Support Montupet Strikers

(May 1999)

From Socialist Voice , May–June 1999.
Transcribed and marked up by Ciaran Crossey.

The strike at Montupet which began over pay and conditions has developed into a bitter battle to stop victimisation and maintain union rights in this company.

The walk out was over the suspension of two fitters who were taking part in an official work to rule over this year’s pay claim.

From the beginning the company refused all efforts at negotiations and mediation. Even when meetings were set up through Joe Hendron and the Labour Relations Agency, the management, behind the scenes, were issuing new threats and intimidation.

From day one the company has tried to intimidate the workforce into submission. Every worker received a letter threatening dismissal. Strikers families were rung at night. Twenty workers, including all the shop stewards, ex-shop stewards and health and safely representatives were sacked.

The minibuses were hired to bring in scabs. At one point six minibuses were going through the picket, five of them empty! This did not stop management issuing lies to the media claiming over 200 people were at work.

When these attempts to break the strike failed the next step was writs of damage against the pickets, threats of injunction. Beyond this information has come from within the company that scabs are to be brought over from France.

The management have been encouraged in this approach by the role of the Amalgamated Engineering and Electrical Union (AEEU). who have attempted to organise a return to work of scabs. Without this encouragement from the union it is possible that the strike could have been won within days.

Montupet are a car components company who have big orders, especially from Ford. Millions of pounds of equipment is waiting to be installed to meet these orders. Yet the pickets have halted all deliveries to the plant, and the new machinery for this line which had come from France, was turned away when it arrived at the end of the first week. The factory has received lavish IDB grants – £147 million to date – and has been making around £4 million profit in each of the recent years. All this gives the workforce powerful leverage in this strike.

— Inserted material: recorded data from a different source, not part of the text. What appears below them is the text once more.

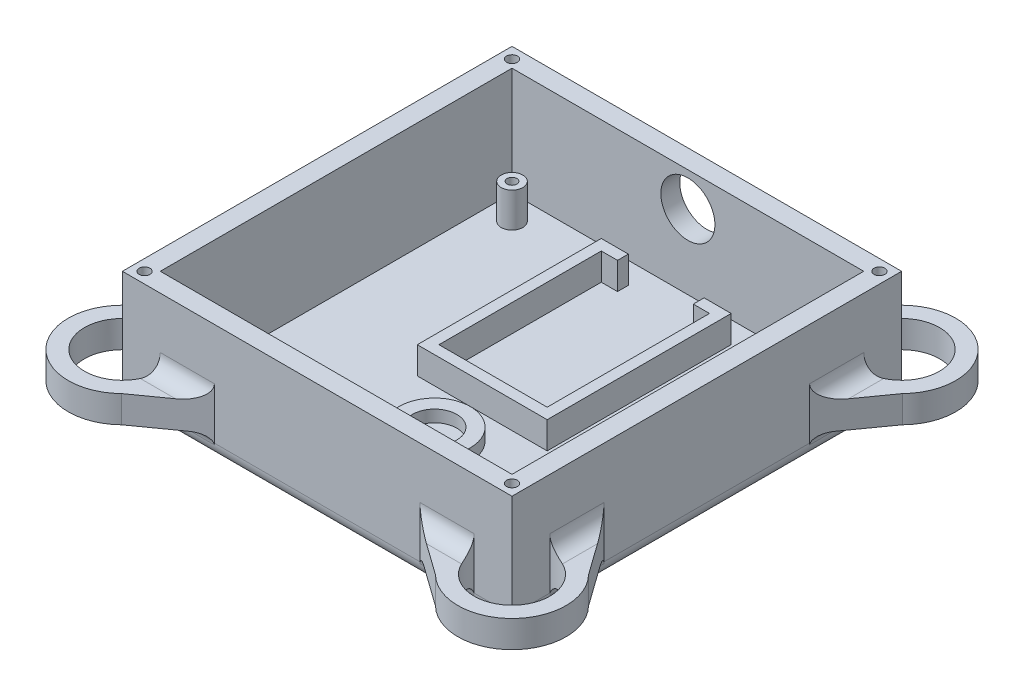
SolidWorks part; units mm, degrees
ref_plane "Front Plane" through (0, 0, 0) normal (0, 0, 1) x (1, 0, 0)
ref_plane "Top Plane" through (0, 0, 0) normal (0, 1, 0) x (1, 0, 0)
ref_plane "Right Plane" through (0, 0, 0) normal (1, 0, 0) x (0, 0, -1)
sketch "Sketch1" plane through (0, 0, 0) normal (0, 1, 0) x (1, 0, 0)
  line L2 (-35, 31) -> (30, 31)
  line L3 (30, 31) -> (30, -34)
  line L5 (-35, -34) -> (30, -34)
  line L6 (-35, 31) -> (-35, -34)
  line L7 (-1, 34.5) -> (33.5, 34.5)
  line L8 (33.5, 34.5) -> (-38.5, 34.5)
  line L9 (-38.5, 34.5) -> (-38.5, -37.5)
  line L11 (33.5, 34.5) -> (33.5, -37.5)
  line L12 (33.5, -37.5) -> (-38.5, -37.5)
  line L13 (0, -34) -> (0, -53.1946) construction
  dimension "D1" = 65
  dimension "D2" = 3.5
  dimension "D3" = 3.5
  dimension "D4" = 65
  dimension "D5" = 3.5
  dimension "D6" = 3.5
extrude "Boss-Extrude1" add sketch "Sketch1" along normal blind 20 contours L6 L2 L3 L5 L12 L11 L7 L8 L9 region at (16.25, 0, -33.4818)
sketch "Sketch2" plane through (0, 0, 0) normal (0, -1, 0) x (1, 0, 0)
  line L1 (-38.5, 37.5) -> (33.5, 37.5)
  line L2 (-38.5, 37.5) -> (-38.5, -34.5)
  line L3 (-38.5, -34.5) -> (33.5, -34.5)
  line L4 (33.5, 37.5) -> (33.5, -34.5)
extrude "Boss-Extrude2" add sketch "Sketch2" along normal blind 2
sketch "Sketch3" plane through (0, 0, 0) normal (0, 1, 0) x (1, 0, 0)
  line L0 (-2.5, 31) -> (-2.5, -34) construction
  line L1 (-35, 31) -> (30, 31) construction
  line L2 (-35, -34) -> (30, -34) construction
  line L3 (-2.5, -34) -> (-2.5, -1.5) construction
  line L4 (-2.5, -1.5) -> (30, -1.5) construction
  line L5 (30, 31) -> (30, -34) construction
  line L6 (30, -1.5) -> (-35, -1.5) construction
  line L7 (-35, 31) -> (-35, -34) construction
  line L8 (-32.5, 28.5) -> (27.5, 28.5) construction
  line L9 (27.5, 28.5) -> (27.5, -31.5) construction
  line L10 (-32.5, -31.5) -> (27.5, -31.5) construction
  line L11 (-32.5, 28.5) -> (-32.5, -31.5) construction
  circle A0 centre (25.5, 26.5) radius 2
  circle A1 centre (25.5, 26.5) radius 0.9
  circle A2 centre (25.5, -29.5) radius 2
  circle A3 centre (25.5, -29.5) radius 0.9
  circle A4 centre (-30.5, -29.5) radius 0.9
  circle A5 centre (-30.5, -29.5) radius 2
  circle A6 centre (-30.5, 26.5) radius 2
  circle A7 centre (-30.5, 26.5) radius 0.9
  point P23 (27.5, -1.5)
  point P28 (-2.5, -31.5)
  point P32 (-2.5, 28.5)
  dimension "D3" = 2
  dimension "D4" = 4
  dimension "D5" = 2
  dimension "D1" = 30
  dimension "D2" = 30
extrude "Boss-Extrude3" add sketch "Sketch3" along normal blind 6.4
sketch "Sketch4" plane through (0, 20, 0) normal (0, 1, 0) x (1, 0, 0)
  line L0 (-2.5, 34.5) -> (-2.5, -37.5) construction
  line L1 (-38.5, 34.5) -> (33.5, 34.5) construction
  line L2 (33.5, -37.5) -> (-38.5, -37.5) construction
  line L3 (-38.5, -1.5) -> (33.5, -1.5) construction
  line L5 (-38.5, 34.5) -> (-38.5, -37.5) construction
  line L7 (-35, 31) -> (-38.5, 34.5) construction
  line L9 (33.5, 34.5) -> (33.5, -37.5) construction
  circle A1 centre (-36.4494, 32.4494) radius 1
  circle A2 centre (31.4494, 32.4494) radius 1
  circle A3 centre (31.4494, -35.4494) radius 1
  circle A4 centre (-36.4494, -35.4494) radius 1
  dimension "D1" = 2.9
extrude "Cut-Extrude1" cut sketch "Sketch4" against normal blind 8
ref_plane "Plane1" through (0, 5, 0) normal (0, -1, 0) x (-1, 0, 0)
sketch "Sketch5" plane through (0, 5, 0) normal (0, 1, 0) x (1, 0, 0)
  line L0 (33.5, 34.5) -> (26.5, 41.1203) construction
  line L1 (33.5, 34.5) -> (26.5, 34.5)
  line L2 (26.5, 34.5) -> (26.5, 41.6414) construction
  line L3 (26.5, 34.5) -> (33.5, 34.5)
  line L5 (33.5, 34.5) -> (33.5, -37.5) construction
  line L6 (26.5, 34.5) -> (23.5, 34.5)
  line L7 (26.5, 41.6414) -> (26.5, 27.5) construction
  line L8 (33.5, 27.5) -> (33.5, 24.5)
  line L9 (-2.5, 38.4614) -> (-2.5, -44.4375) construction
  line L10 (-42.2092, -1.5) -> (36.5358, -1.5) construction
  line L14 (-31.5, 34.5) -> (-28.5, 34.5)
  line L19 (-38.5, 34.5) -> (33.5, 34.5) construction
  line L20 (26.5, 27.5) -> (40.6414, 27.5) construction
  line L21 (26.5, 41.6414) -> (16.5, 34.5)
  line L22 (16.5, 34.5) -> (23.5, 34.5)
  line L23 (40.6414, 27.5) -> (33.5, 17.5)
  line L24 (33.5, 17.5) -> (33.5, 24.5)
  line L25 (-21.5, 34.5) -> (-28.5, 34.5)
  line L26 (-31.5, 41.6414) -> (-21.5, 34.5)
  line L27 (-45.6414, 27.5) -> (-38.5, 17.5)
  line L28 (-38.5, 17.5) -> (-38.5, 24.5)
  line L29 (-38.5, 27.5) -> (-38.5, 24.5)
  line L30 (26.5, -37.5) -> (23.5, -37.5)
  line L31 (16.5, -37.5) -> (23.5, -37.5)
  line L32 (26.5, -44.6414) -> (16.5, -37.5)
  line L33 (40.6414, -30.5) -> (33.5, -20.5)
  line L34 (33.5, -20.5) -> (33.5, -27.5)
  line L35 (33.5, -30.5) -> (33.5, -27.5)
  line L36 (-38.5, -30.5) -> (-38.5, -27.5)
  line L37 (-38.5, -20.5) -> (-38.5, -27.5)
  line L38 (-45.6414, -30.5) -> (-38.5, -20.5)
  line L39 (-31.5, -44.6414) -> (-21.5, -37.5)
  line L40 (-21.5, -37.5) -> (-28.5, -37.5)
  line L41 (-31.5, -37.5) -> (-28.5, -37.5)
  arc A0 (33.5, 27.5) -> (26.5, 34.5) centre (33.5, 34.5) ccw
  arc A1 (40.6414, 27.5) -> (26.5, 41.6414) centre (33.5, 34.5) ccw
  arc A8 (-45.6414, 27.5) -> (-31.5, 41.6414) centre (-38.5, 34.5) cw
  arc A9 (-38.5, 27.5) -> (-31.5, 34.5) centre (-38.5, 34.5) cw
  arc A10 (40.6414, -30.5) -> (26.5, -44.6414) centre (33.5, -37.5) cw
  arc A11 (33.5, -30.5) -> (26.5, -37.5) centre (33.5, -37.5) cw
  arc A12 (-38.5, -30.5) -> (-31.5, -37.5) centre (-38.5, -37.5) ccw
  arc A13 (-45.6414, -30.5) -> (-31.5, -44.6414) centre (-38.5, -37.5) ccw
  dimension "D3" = 7
  dimension "D2" = 7
extrude "Boss-Extrude6" add sketch "Sketch5" along normal blind 2.5 and the other way blind 2.5 contours A9 L29 L28 L27 A8 L26 L25 L14 | A13 L38 L37 L36 A12 L41 L40 L39 | A1 L23 L24 L8 A0 L6 L22 L21 | A11 L35 L34 L33 A10 L32 L31 L30 region at (25, 5, -34.8818) region at (-43.7197, 5, -39.7197) region at (38.7197, 5, 42.7197) region at (-43.7197, 5, 42.7197)
sketch "Sketch10" plane through (0, 0, 0) normal (0, 1, 0) x (1, 0, 0)
  line L0 (-2.5, 31) -> (-2.5, -11.7) construction
  line L1 (-35, 31) -> (30, 31) construction
  line L4 (-35, 31) -> (-35, -34) construction
  line L5 (-35, -1.5) -> (30, -1.5) construction
  line L6 (30, 31) -> (30, -34) construction
  line L13 (-3.9, -19.6536) -> (-3.9, -22.2498)
  line L14 (-1.1, -19.6536) -> (-1.1, -22.2498)
  arc A0 (-1.1, -19.6536) -> (-3.9, -19.6536) centre (-2.5, -15.8) ccw
  arc A1 (-1.1, -22.2498) -> (-3.9, -22.2498) centre (-2.5, -15.8) ccw
  dimension "D2" = 8.2
  dimension "D1" = 13.2
  dimension "D3" = 14.3
extrude "Boss-Extrude7" add sketch "Sketch10" along normal blind 2.2
sketch "Sketch11" plane through (0, 0, 0) normal (0, 1, 0) x (1, 0, 0)
  line L0 (9.5, -1.5) -> (30, -1.5) construction
  line L1 (-12.5, 25) -> (-12.5, -5)
  line L2 (-35, -34) -> (30, -34) construction
  line L3 (-14.5, 27) -> (-14.5, -7)
  line L5 (30, 31) -> (30, -34) construction
  line L6 (-35, 31) -> (30, 31) construction
  line L7 (-12.5, 25) -> (-9.5, 25)
  line L9 (-12.5, -5) -> (7.5, -5)
  line L12 (-14.5, -7) -> (9.5, -7)
  line L13 (9.5, -7) -> (9.5, 27)
  line L14 (9.5, 27) -> (4.5, 27)
  line L15 (4.5, 27) -> (4.5, 25)
  line L16 (7.5, 25) -> (7.5, -5)
  line L17 (-2.5, -5) -> (7.5, -5)
  line L19 (4.5, 25) -> (7.5, 25)
  line L21 (-14.5, 27) -> (-9.5, 27)
  line L22 (-9.5, 27) -> (-9.5, 25)
  line L23 (-9.5, 25) -> (-12.5, 25)
  line L24 (4.5, 25) -> (7.5, 25)
  line L25 (-2.5, -7) -> (-2.5, -34) construction
  dimension "D1" = 30
  dimension "D2" = 6
  dimension "D3" = 10
  dimension "D4" = 2
  dimension "D6" = 2
fillet "Fillet1" radius 3 4 edges at (-2.5, -2, 37.5) (33.5, -2, 1.5) (-2.5, -2, -34.5) (-38.5, -2, 1.5)
extrude "Boss-Extrude8" add sketch "Sketch11" along normal blind 5 contours L22 L21 L3 L12 L13 L14 L15 L19 L16 L9 L1 L7 region at (-12.9162, 0, -10)
fillet "Fillet2" radius 3 8 edges at (-38.5, 7.5, -22.5) (-26.5, 7.5, -34.5) (21.5, 7.5, -34.5) (33.5, 7.5, -22.5) (33.5, 7.5, 25.5) (21.5, 7.5, 37.5) (-38.5, 7.5, 25.5) (-26.5, 7.5, 37.5)
fillet "Fillet3" radius 2 8 edges at (21.5, 2.5, 37.5) (33.5, 2.5, 25.5) (33.5, 2.5, -22.5) (21.5, 2.5, -34.5) (-26.5, 2.5, -34.5) (-38.5, 2.5, -22.5) (-26.5, 2.5, 37.5) (-38.5, 2.5, 25.5)
sketch "Sketch15" plane through (0, 0, -34.5) normal (0, 0, -1) x (-1, 0, 0)
  line L0 (38.5, 20) -> (-33.5, 20) construction
  line L1 (2.5, 20) -> (2.5, 1) construction
  line L2 (-16.5, 1) -> (21.5, 1) construction
  circle A1 centre (2.5, 13.7) radius 5
  dimension "D1" = 6.3
extrude "Cut-Extrude2" cut sketch "Sketch15" against normal blind 5

But instead of a victory Montupet have dearly seen an opportunity to break the union and demoralise the workforce. The sticking point is now the reinstatement of those who have been victimised.

An offer which did not include the re-instatement of all 20 would be worthless. It would mean no effective union organisation in the factory. Anything the management promised to get the workforce back could be taken away and more, once there was a return to work.

The Montupet workers, like the Liverpool dockers, are fighting against victimisation and for the right to organise. Every trade unionist, everyone in the working class communities should stand behind them.

Because there will be no support and no money from the AEEU it is up to rank and file trade union and community activists to raise the cash necessary to maintain this dispute. Weekly collections, levys must be organised.

If scabs are forced through the picket line other workers should support any calls for mass pickets to block them. If Montupet takes any striker to court for damages this must be seen, not as an attack on an individual, but on the trade union movement as a whole. It should be resisted with solidarity action including strike action.

The trade union leadership are not prepared to take the solidarity action necessary to win this dispute. But activists at shop steward and branch level would respond to a call from the Montupet workers. In tum this could put pressure on the leadership to give some support. The Montupet workers must not be left to stand alone. They must be given whatever solidarity action it takes to bring about a victory.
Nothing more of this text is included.